Effect of Anionic Plus Nonionic Combinations on Zeta Potential

Because of the success the nonionic PEO demonstrated in neutralizing surface charge, combinations of anionic additives with PEO were tested. ZEP Lubeeze is a cutting oil currently used in cutting or sawing of granite slabs, while Dromus B is used as a lubricating oil in drilling operations. Because both of these anionic agents are currently used in cutting-drilling operations, it was of interest to see what effect, if any, the PEO would have when added to solutions at concentrations used in the field. While requiring a bit more than when used alone, the PEO nevertheless still neutralized surface charge. The results for the two combinations tested, varying anionic additive concentration as a baseline and adding PEO until neutralization occurred, are summarized in table A-11.

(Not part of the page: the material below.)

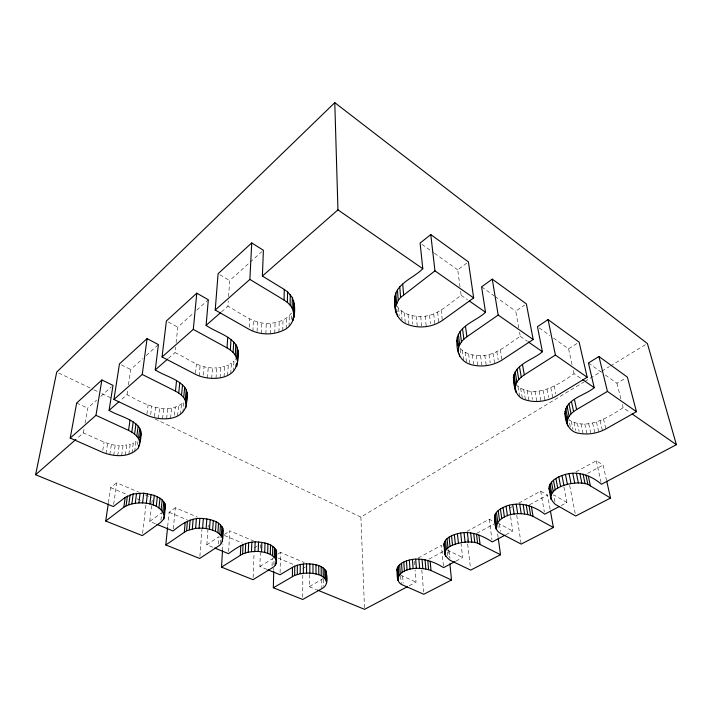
<?xml version="1.0" encoding="UTF-8"?>
<svg xmlns="http://www.w3.org/2000/svg" width="712" height="712" viewBox="0 0 712 712"><rect width="100%" height="100%" fill="white"/><g stroke="black" fill="none" stroke-linecap="round" stroke-linejoin="round"><path stroke-width="0.53" stroke-dasharray="3.56 2.67" d="M302.733 597.261L302.796 575.1M291.43 319.359L291.519 313.022C286.714 319.563 278.543 322.572 270.702 323.257C254.451 325.046 241.279 313.351 227.92 306.249L228.285 300.9M289.081 326.247L289.241 315.701M286.188 328.597L286.366 318.05M280.101 572.635L280.475 552.405L304.291 562.533M282.771 330.573L282.984 320.026M272.064 566.102L272.242 558.893L274.084 557.532M278.935 332.121L279.184 321.584M273.737 570.446L273.791 568.283M273.924 564.75L274.022 558.537M274.761 333.198L275.055 322.67M270.382 333.795L270.702 323.257M265.887 333.883L266.252 323.346M266.938 569.395L259.88 566.512L260.343 552.557M260.485 548.267L260.628 543.968L257.895 545.712M253.134 577.512L254.077 552.396M261.402 333.474L261.811 322.928M257.085 331.507L257.486 322.011M252.92 331.178L253.401 320.623M249.245 327.235L249.654 318.789M228.632 551.506L229.789 530.867L253.668 541.013M235.458 368.006L235.823 361.74M222.518 550.563L222.918 543.932M233.367 371.459L233.999 361.029L236.01 358.617M230.75 373.586L231.4 363.165L233.999 361.029M220.328 543.621L220.72 537.302M218.575 544.013L219.038 536.652L206.836 544.805L212.746 547.225M227.609 375.375L228.285 364.953L231.4 363.165M224.04 376.773L224.743 366.368L228.285 364.953M228.579 296.619L229.682 280.572L249.414 262.835M220.133 377.76L220.871 367.356L224.743 366.368M206.836 544.805L208.02 528.384M208.091 527.289L208.251 525.1M215.985 378.303L216.76 367.899L220.871 367.356M199.885 556.312L201.941 529.381M211.704 378.392L212.514 367.988L216.76 367.899M207.406 378.028L208.251 367.615C195.978 365.861 186.055 357.522 175.001 352.609L175.606 347.082M203.374 375.135L204.077 366.796M199.182 375.972L200.099 365.541M195.569 373.284L196.423 363.894M173.301 528.883L175.357 507.727L197.446 517.117M182.85 412.453L183.865 402.173C166.724 416.538 143.103 403.499 127.03 394.635L120.497 400.358M167.676 526.426L169.118 512.248L175.357 507.727M180.465 414.384L181.498 404.113M177.573 416.013L178.623 405.742M174.458 415.238L175.321 407.033M170.56 418.193L171.663 407.932M160.93 520.214L161.74 512.693L149.743 521.442L155.83 523.934M176.095 342.659L177.795 327.182L193.468 313.111M166.626 418.692L167.765 408.439M149.743 521.442L151.701 504.39M151.825 503.322L152.199 500.118M162.541 418.781L163.715 408.528M158.411 418.46L159.621 408.198M142.578 533.413L145.987 504.835M154.468 416.698L155.581 407.46M150.695 414.544L151.709 406.329M146.93 414.09L148.105 404.834M137.496 444.733L137.897 441.698M134.657 451.559L136.001 441.449L137.443 440.265M131.978 453.046L133.34 442.944L136.001 441.449M128.854 454.22L130.234 444.119L133.34 442.944M125.374 455.048L126.789 444.947L130.234 444.119M113.653 504.39L116.75 482.816L139.187 492.357M121.636 455.511L123.078 445.418L126.789 444.947M117.729 455.6L119.198 445.498L123.078 445.418M127.03 394.635L127.662 390.265M128.454 384.809L130.67 369.519L142.916 358.528M108.42 502.734L110.636 487.667L116.75 482.816M113.76 455.306L115.255 445.205L119.198 445.498M109.826 454.648L111.357 444.537L104.059 442.161L83.349 432.905L76.763 438.672M106.026 453.633L107.583 443.514M102.777 450.26L104.059 442.161M83.349 432.905L84.105 428.597M85.048 423.213L87.683 408.145L96.672 400.073M100.757 396.397L111.375 386.856M146.174 355.591L158.411 344.599M196.761 310.147L208.313 299.77M250.241 262.096L261.758 251.754M168.415 358.376L175.001 352.609M221.459 311.909L227.92 306.249M460.023 286.856L457.727 269.857L467.508 262.523M396.628 305.573C401.63 313.618 411.714 316.582 420.721 316.466C436.963 316.715 448.783 303.802 461.18 295.355L460.602 291.11M518.781 327.983L515.737 311.188L524.593 305.101M309.266 574.575L309.293 586.724L323.631 578.322M460.032 348.275C465.176 353.9 473.151 355.724 480.511 355.653C496.104 355.813 507.941 344.056 520.294 336.375L519.538 332.175M224.36 534.49L229.789 530.867M254.246 548.035L256.979 546.291M553.473 338.067L568.594 348.844L579.132 342.143M277.733 554.105L280.475 552.405M259.88 566.512L272.242 558.893M515.906 384.631C533.404 400.794 558.947 384.729 574.041 373.667L581.927 379.14M155.091 418.985L360.886 517.108L583.831 382.059M584.783 381.481L600.91 371.708M601.854 371.139L609.445 366.538M610.398 365.968L645.49 344.706M302.814 568.452L305.573 566.814M605.36 375.037L616.939 383.287L625.474 378.241M570.303 426.719L568.852 419.715C586.661 431.187 608.199 417.392 623.116 407.718L630.342 412.729M418.211 558.012L441.413 545.339L443.478 566.556M466.912 531.41L489.215 519.235L492.668 521.042M509.347 508.243L512.195 506.686M518.843 503.055L540.693 491.12L547.555 495.054L550.278 510.192M575.955 471.86L596.282 460.762L603.073 465.034L606.455 479.941M428.998 559.151L443.505 551.302M476.728 533.341L494.181 523.907M529.523 504.799L547.555 495.054M587.614 473.391L603.073 465.034M409.231 585.754L416.031 582.167L415.096 570.045M455.956 561.083L462.622 557.567L461.073 543.674M505.929 534.694L512.765 531.09L510.486 515.853M561.118 505.556L566.903 502.503L563.833 486.652M208.251 367.615L212.514 367.988M111.357 444.537L115.255 445.205M309.293 586.724L316.457 589.661M110.636 487.667L126.923 494.511M137.096 498.792L141.163 500.5M169.118 512.248L187.158 519.831M224.449 535.504L242.32 543.025M278.036 558.03L293.887 564.696M145.301 494.956L151.425 497.554M400.616 575.1L416.031 582.167M76.665 403.037L87.683 408.145M58.722 373.035L92.854 389.304M93.859 389.784L97.873 391.698M101.887 393.611L112.932 398.88M447.225 549.922L462.622 557.567M121.325 364.838L130.67 369.519M497.439 522.795L512.765 531.09M168.29 322.011L177.795 327.182M566.903 502.503L553.669 494.884L555.048 502.343M219.883 274.743L229.682 280.572M461.18 295.355L467.49 299.734M520.294 336.375L527.37 341.288M421.896 244.341L433.546 252.635M434.436 253.267L457.727 269.857M481.597 286.865L494.173 295.827M495.071 296.468L515.737 311.188M539.242 327.929L549.913 335.539M588.441 362.978L601.8 372.501M616.939 383.287L620.971 399.218M622.315 404.532L623.116 407.718M603.491 418.95L605.841 428.953M600.118 420.641L602.432 430.635M596.46 422.02L598.748 432.015M592.615 423.062L594.876 433.047M588.691 423.729L590.693 432.709M596.282 460.762L601.017 482.104M568.594 348.844L572.145 365.034M573.329 370.427L574.041 373.667M584.783 424.005L586.973 433.991M580.983 423.898L583.146 433.884M577.405 423.4L579.114 431.392M574.139 422.519L575.821 430.511M571.255 421.282L572.929 429.283M554.221 385.877L555.858 394.021M550.794 387.711L552.815 397.883M569.68 485.504L575.278 513.815M547.065 389.215L548.649 397.349M543.114 390.336L545.054 400.5M539.046 391.057L540.951 401.221M534.97 391.36L536.848 401.524M530.983 391.226L532.46 399.361M527.209 390.674L529.025 400.847M523.721 389.713L525.509 399.886M540.693 491.12L544.369 512.106M520.623 388.36L522.386 398.542M517.998 386.652L519.573 395.827M500.322 349.699L502.004 360.05M496.86 351.701L498.178 359.978M493.051 353.33L494.653 363.672M516.725 515.194L521.024 543.016M488.975 354.558L490.239 362.826M484.765 355.332L486.296 365.674M480.511 355.653L481.855 364.962M476.319 355.51L477.788 365.852M499.441 524.085L500.474 531.401M497.581 523.845L498.311 529.078M497.643 533.849L498.097 537.142M472.314 354.905L473.605 364.206M468.585 353.837L469.991 364.188M489.215 519.235L491.965 539.758M465.239 352.36L466.609 362.711M462.364 350.482L463.717 360.851M460.166 349.307L460.7 353.455M441.128 309.96L442.348 320.462M467.161 539.669L467.544 542.927M467.668 544.021L470.436 567.936M437.631 312.159L438.823 322.652M433.742 313.939L434.89 324.432M429.55 315.274L430.44 323.666M449.254 551.106L449.984 558.297M425.171 316.119L426.248 326.612M448.444 549.771L449.219 557.327M447.43 551.978L447.946 557.122M420.721 316.466L421.646 325.909M416.306 316.297L417.303 326.79M412.052 315.621L412.809 324.022M408.056 314.455L408.973 324.957M404.416 312.817L405.306 323.328M401.248 310.761L402.022 320.222M421.798 569.965L423.596 592.072M398.631 308.323L399.218 315.692M396.958 309.791L397.127 311.892M414.428 561.225L414.767 565.631M402.654 576.195L403.134 583.244M400.678 576.106L401.212 584.178M360.886 517.108L364.508 608.235M323.649 579.328L323.729 586.403M321.753 579.586L321.851 588.673"/><path stroke-width="1.07" d="M273.337 587.774L294.661 575.403L300.224 573.73L306.587 573.044L306.587 563.824C313.36 563.913 321.575 564.776 325.856 570.712C327.235 576.684 328.677 585.531 321.851 588.673L302.725 599.477L273.337 587.774L273.72 571.531M303.348 573.258L303.374 564.038L306.587 563.824M565.052 413.485C565.497 398.649 585.317 395.516 594.2 387.657L588.441 362.978L598.943 356.498L627.379 377.12L636.448 411.678L605.841 428.953C597.884 433.261 588.477 434.979 579.541 433.385C569.431 432.522 565.008 422.617 565.052 413.485L567.767 425.803M300.224 573.73L300.268 564.518L303.374 564.038M567.117 423.533L565.061 411.082M297.296 574.451L297.358 565.239L300.268 564.518M294.661 575.403L294.732 566.191L297.358 565.239M293.931 317.57L294.216 303.802L292.312 297.483L287.568 291.822L284.275 289.455L262.381 276.06L263.395 250.277L251.728 242.925L218.095 273.684L215.211 310.032L249.138 329.345C259.346 334.898 272.198 335.432 282.771 330.573C293.62 326.408 295.738 314.045 294.216 303.802M292.374 576.542L292.463 567.348L294.732 566.191M294.101 314.384L292.178 308.073L292.312 297.483M293.006 320.667L293.05 317.49M293.513 311.188L293.638 300.598M292.178 308.073L290.122 305.128L290.273 294.528M290.122 305.128L287.39 302.44L287.568 291.822M287.39 302.44L284.061 300.072L284.275 289.455M222.518 550.563L221.512 567.144L253.045 579.693L273.871 566.814L275.268 565.319L275.313 563.254M275.268 565.319C278.196 560.424 273.791 554.799 275.784 549.388C271.868 544.057 264.757 542.615 258.545 542.054C247.171 540.711 237.185 547.154 228.516 553.678L214.721 548.026M276.158 563.726L276.292 557.523M276.318 560.389L276.514 551.052L275.784 549.388M276.514 562.062L276.514 551.052M275.571 558.733L272.527 555.698L272.749 546.327M274.298 557.158L274.512 547.804M272.527 555.698L270.293 554.399L270.542 545.018M270.293 554.399L267.676 553.295L267.935 543.906M267.676 553.295L264.731 552.423L265.015 543.025M264.731 552.423L261.544 551.809L261.856 542.402M261.544 551.809L258.216 551.462L258.545 542.054M221.512 567.144L242.623 553.909L248.274 552.129L254.825 551.399L255.181 541.992M164.374 517.241C161.909 500.856 135.316 499.966 123.852 507.193L105.723 521.033L142.32 535.611L160.707 522.359L163.707 519.084L164.374 517.241L165.46 505.609L164.944 503.66L162.176 499.895L159.995 498.186L154.326 495.365L143.771 493.193L133.171 493.932L125.179 497.412L113.35 506.552L35.6 474.735L56.711 372.073L334.782 102.661L647.395 343.549L676.4 444.688L601.489 484.24C590.239 474.762 576.079 470.009 561.999 475.554C555.609 477.627 545.784 484.116 550.234 491.876M165.46 505.609L164.721 509.4M251.478 551.622L251.852 542.215M248.274 552.129L248.666 542.722M245.293 552.895L245.702 543.496M242.623 553.909L243.05 544.511M240.345 555.129L240.79 545.739M394.724 299.423C394.813 283.768 413.725 278.187 422.786 268.718L420.107 243.059L430.787 234.586L468.398 261.856L473.667 297.928L442.348 320.462C432.754 327.075 419.982 328.713 408.973 324.957C397.83 321.904 393.496 310.049 394.724 299.423L395.311 302.582M395.534 309.969L394.875 296.183M215.211 310.032L249.876 279.424L251.728 242.925M550.474 511.269L553.393 527.494L521.193 544.084L500.767 533.493C494.119 530.547 494.947 522.056 494.52 516.058C495.605 511.919 499.423 509.329 503.037 507.514C517.019 500.643 532.905 504.915 544.742 514.206L559.187 506.579M236.776 366.413C237.817 359.346 239.81 351.123 235.85 344.59C228.605 334.889 215.656 332.095 206.106 325.357L208.313 299.77L196.797 293.166L166.385 320.978L162.051 356.979L195.471 374.325C208.109 380.858 234.141 380.973 236.954 363.28M237.47 363.627L238.039 350.286M495.73 527.361C499.512 512.791 521.139 511.145 533.048 516.36L553.393 527.494M237.434 360.753L235.227 355.074L235.85 344.59M236.687 357.878L237.301 347.403M167.569 527.512L165.798 544.956L199.716 558.466L218.442 546.122C225.117 542.464 221.307 534.098 222.829 528.251C219.394 521.139 210.521 519.262 203.347 518.558C191.706 517.081 181.578 523.872 173.096 531.001L156.854 524.352M222.375 541.36L222.829 528.251M222.598 539.58L223.176 530.066M222.251 537.774L219.866 534.303L220.471 524.753M221.334 536.003L221.922 526.462M235.227 355.074L233.091 352.422L233.741 341.929M219.866 534.303L217.899 532.736L218.513 523.169M233.091 352.422L230.332 350.001L231.008 339.499M217.899 532.736L215.46 531.339L216.101 521.763M230.332 350.001L227.021 347.883L227.724 337.372M215.46 531.339L212.639 530.146L213.288 520.561M212.639 530.146L209.497 529.203L210.174 519.609M209.497 529.203L206.124 528.535L206.827 518.932M165.798 544.956L186.597 530.769L195.622 528.331L202.626 528.162L203.347 518.558M199.084 528.09L199.841 518.478M195.622 528.331L196.396 518.719M192.32 528.865L193.121 519.262M189.285 529.683L190.104 520.089M186.597 530.769L187.434 521.175M184.328 532.087L185.182 522.492M185.814 407.878C186.58 401.132 189.312 393.22 184.711 387.257C177.137 378.41 164.757 376.016 155.252 369.911L158.411 344.599L147.081 338.636L119.456 363.903L113.947 399.45L146.805 415.123C159.025 420.801 181.667 421.575 186.019 405.813M186.215 403.757L186.713 398.604M186.313 405.342L185.245 400.135L186.25 389.802M186.126 402.743L187.123 392.419M162.051 356.979L193.29 329.389L196.797 293.166M185.245 400.135L183.687 397.608L184.711 387.257M183.687 397.608L181.498 395.213L182.539 384.854M163.707 519.084L163.929 516.939M164.16 514.785L164.383 512.631M181.498 395.213L178.721 393.024L179.798 382.656M178.721 393.024L175.446 391.111L176.549 380.733M162.808 511.474L163.84 501.738M163.92 513.388L164.944 503.66M161.126 509.641L162.176 499.895M158.927 507.95L159.995 498.186M156.266 506.437L157.352 496.664M153.205 505.146L154.326 495.365M149.84 504.132L150.989 494.342M146.272 503.402L147.437 493.603M142.578 502.992L143.771 493.193M456.899 340.185C458.314 325.402 476.444 321.041 485.522 312.248L481.597 286.865L492.259 279.148L526.364 303.882L533.181 339.508L502.004 360.05C493.71 365.309 483.368 367.125 473.747 365.247C460.655 363.013 456.312 352.823 456.899 340.185L458.314 345.774M138.885 502.912L140.104 493.104M492.259 279.148L498.186 315.06L466.912 336.758C461.599 340.389 456.971 346.708 458.572 353.446M135.289 503.162L136.535 493.363M138.431 447.803C140.309 441.075 143.45 432.131 138.173 426.088C130.376 417.997 118.495 415.924 109.078 410.361L113.012 385.388L101.878 379.986L76.665 403.037L70.203 438.076L102.466 452.28C113.786 456.793 129.869 458.092 138.431 447.803L138.698 445.774M139.418 445.623L140.754 430.787M131.898 503.74L133.171 493.932M128.801 504.621L130.1 494.822M139.427 440.95L138.448 438.583L139.783 428.41M138.448 438.583L136.82 436.278L138.173 426.088M610.549 498.044L590.417 485.904C580.511 477.441 537.266 488.183 555.44 504.47L575.705 515.995L610.549 498.044L606.695 481.009M123.852 507.193L125.179 497.412M113.947 399.45L142.24 374.468L147.081 338.636M136.82 436.278L134.595 434.106L135.965 423.907M126.095 505.787L127.412 495.997M134.595 434.106L131.818 432.122L133.215 421.913M131.818 432.122L128.578 430.395L130.011 420.169M105.723 521.033L108.26 503.811M140.736 435.486L141.074 433.163M70.203 438.076L95.96 415.336L101.878 379.986M513.432 377.235C515.986 363.334 533.288 359.898 542.402 351.71L537.462 326.666L548.053 319.608L579.132 342.143L587.195 377.262L556.268 396.059C547.11 401.363 535.682 403.108 525.509 399.886C515.354 397.403 513.557 386.127 513.432 377.235L515.319 390.087M186.98 396.726L187.309 395.035M515.168 387.47C515.728 381.979 519.902 377.743 524.317 374.85L555.404 355.039L587.195 377.262M449.868 563.797L451.515 579.986L423.782 594.28L403.268 585.264C396.264 583.173 397.198 575.118 397.002 569.333C397.483 565.737 400.812 563.504 403.811 562.008C416.903 555.823 431.953 560.264 443.576 567.624L455.004 561.59M451.515 579.986L431.009 570.534C421.121 566.779 399.53 566.494 397.732 580.022M237.381 355.973L238.066 353.17M567.126 421.139C568.069 415.942 572.323 412.195 576.622 409.56L607.434 391.404L636.448 411.678M395.694 306.738L398.266 300.384L400.625 297.447L434.961 270.872L430.787 234.586M444.537 547.03C441.743 539.491 451.559 535.139 457.407 533.742C469.68 530.146 482.015 535.344 492.25 541.921L504.95 535.21M500.536 554.728L480.075 544.484C471.255 537.435 430.911 545.997 450.198 560.344L470.694 570.107L500.536 554.728L498.249 538.245M139.757 437.675L140.406 436.216M35.6 474.735L75.944 439.393M109.078 410.361L118.868 401.791M155.252 369.911L167.596 359.097M206.106 325.357L220.649 312.621M262.381 276.06L337.951 209.853L334.782 102.661M292.463 567.348L280.056 574.762L267.952 569.814M407.291 586.777L364.553 609.338L317.481 590.079M306.587 573.044C313.672 573.187 325.562 574.121 326.639 582.968M254.825 551.399L258.216 551.462M202.626 528.162L206.124 528.535M95.96 415.336L128.578 430.395M142.24 374.468L175.446 391.111M193.29 329.389L227.021 347.883M249.876 279.424L284.061 300.072M337.951 209.853L422.786 268.718M469.288 300.989L485.522 312.248M528.251 341.893L542.402 351.71M582.808 379.745L594.2 387.657M632.149 413.983L676.4 444.688M434.961 270.872L473.667 297.928M498.186 315.06L533.181 339.508M513.592 379.861L514.429 382.353M494.422 517.9L494.884 519.662M598.943 356.498L607.434 391.404M574.451 399.459L576.622 409.56M588.352 476.212L590.417 485.904M571.451 401.506L573.596 411.607M585.914 475.002L587.97 484.703M568.959 403.757L571.077 413.85M583.057 474.085L585.086 483.795M567.037 406.151L569.128 416.226M548.053 319.608L555.404 355.039M579.844 473.489L581.855 483.199M565.72 408.608L567.802 418.683M576.382 473.231L578.366 482.941M572.76 473.311L574.717 483.03M569.084 473.738L571.015 483.448M565.462 474.495L567.366 484.204M561.999 475.554L563.877 485.264M558.787 476.898L560.638 486.599M555.912 478.473L557.736 488.165M553.464 480.244L555.271 489.918M551.506 482.149L553.286 491.814M550.082 484.142L551.853 493.799M549.237 486.163L550.99 495.81M548.979 488.165L551.061 499.708M522.483 364.571L524.317 374.85M519.475 366.805L521.282 377.075M517.019 369.252L518.799 379.523M515.159 371.86L516.921 382.122M513.957 374.548L515.702 384.792M514.776 384.391L515.123 386.438M515.47 388.476L516.156 392.561M531.463 506.846L533.048 516.36M529.034 505.734L530.6 515.257M526.204 504.897L527.752 514.429M523.071 504.354L524.602 513.886M519.716 504.114L521.22 513.655M516.236 504.194L517.713 513.744M512.729 504.594L514.18 514.135M509.294 505.298L510.727 514.838M506.036 506.277L507.442 515.808M503.037 507.514L504.425 517.046M500.394 508.964L501.755 518.487M498.16 510.602L499.504 520.107M496.415 512.355L497.741 521.851M495.196 514.189L496.504 523.676M494.52 516.058L496.193 529.114M465.497 326.318L466.912 336.758M462.497 328.757L463.886 339.197M460.086 331.445L461.447 341.867M458.332 334.293L459.667 344.715M457.255 337.239L458.581 347.643M459.365 354.078L459.632 356.151M478.909 535.139L480.075 544.484M476.479 534.125L477.627 543.478M473.694 533.35L474.824 542.713M470.632 532.852L471.744 542.215M467.375 532.638L468.469 542.01M464.019 532.718L465.096 542.09M460.673 533.092L461.714 542.464M457.407 533.742L458.43 543.114M454.336 534.659L455.342 544.013M451.533 535.798L452.52 545.152M449.085 537.142L450.046 546.496M447.056 538.655L447.999 547.991M445.49 540.274L446.424 549.602M444.439 541.974L445.365 551.284M445.045 552.183L445.454 556.303M443.932 543.701L444.884 554.684M397.002 569.333L397.154 570.908M430.208 561.359L431.009 570.534M427.787 560.424L428.579 569.6M402.725 284.186L403.624 294.768M425.037 559.712L425.812 568.906M399.752 286.865L400.625 297.447M422.047 559.258L422.803 568.452M397.421 289.82L398.266 300.384M418.887 559.062L419.626 568.265M395.783 292.952L396.611 303.517M397.287 314.001L397.456 316.11M415.657 559.143L416.369 568.345M395.801 308.91L396.13 313.12M412.444 559.49L413.138 568.692M409.338 560.104L410.014 569.288M406.436 560.949L407.086 570.134M403.811 562.008L404.443 571.193M401.532 563.263L402.155 572.43M399.672 564.661L400.278 573.819M398.284 566.165L398.871 575.314M398.213 578.491L398.346 580.511M397.385 567.74L397.972 576.88M326.443 572.261L326.577 581.401M325.856 570.712L325.98 579.862M324.761 569.226L324.877 578.393M323.168 567.856L323.275 577.032M321.139 566.636L321.237 575.821M318.718 565.604L318.798 574.798M315.968 564.785L316.03 573.988M312.977 564.207L313.013 573.418M309.818 563.886L309.836 573.098"/></g></svg>

Effect of Excess Cationic Additive on Zeta Potential

The last test was conducted to see what effect, if any, very high concentrations (much stronger concentrations than required for the PZC condition) of cationic additive would have on the zeta potential and the PZC. Table A-12 lists the values for that test conducted to determine what those excess ions would do to the zeta potential for Sioux Quartzite with AlCl3 in DDIW; figure 5 illustrates the effect of those high zeta potential values. The excess ions only increased the zeta potential to a level that almost exceeded the limitations of the zeta reader, but did not create a measurable second PZC condition as had been predicted by surface science theory.

Conclusions

This novel technique for the determination of the zeta potentials and the resulting PZC and/or ZSC concentrations for materials in baseline water and additive solutions under many varied conditions should prove to be useful in other operations as well as in drilling, cutting, and grinding. Any needed zeta potential and/or PZC concentration values for a given system should be obtainable with the use of this closed-system technique and should prove to be very accurate, reliable, and repeatable. Any electro-phoretic mobility-type zeta potential equipment can be adapted to this technique. The zeta potential and PZC concentration values in this report, and the noted variations in the values because of changes in additive and/or baseline waters, should further the understanding of how to control zeta potentials in many processes.

Several conclusions can be drawn from the zeta potential results by comparing the diversity of effect on the zeta potential caused by water quality, material type, cationic additives, anionic additives, and/or nonionic additives. The critical effect of each of these parameters must be considered when determining zeta potentials and predicting PZC concentrations for any chemical additive-material system. Generalizations and close approximations can be made regarding the response of any particular material and/or additive in a zeta potential experiment. However, when precise or accurate zeta potentials and/or PZC concentrations are required, special care must be exercised. The use of the closed-system and graphing technique should yield those precise values required by the experimenter.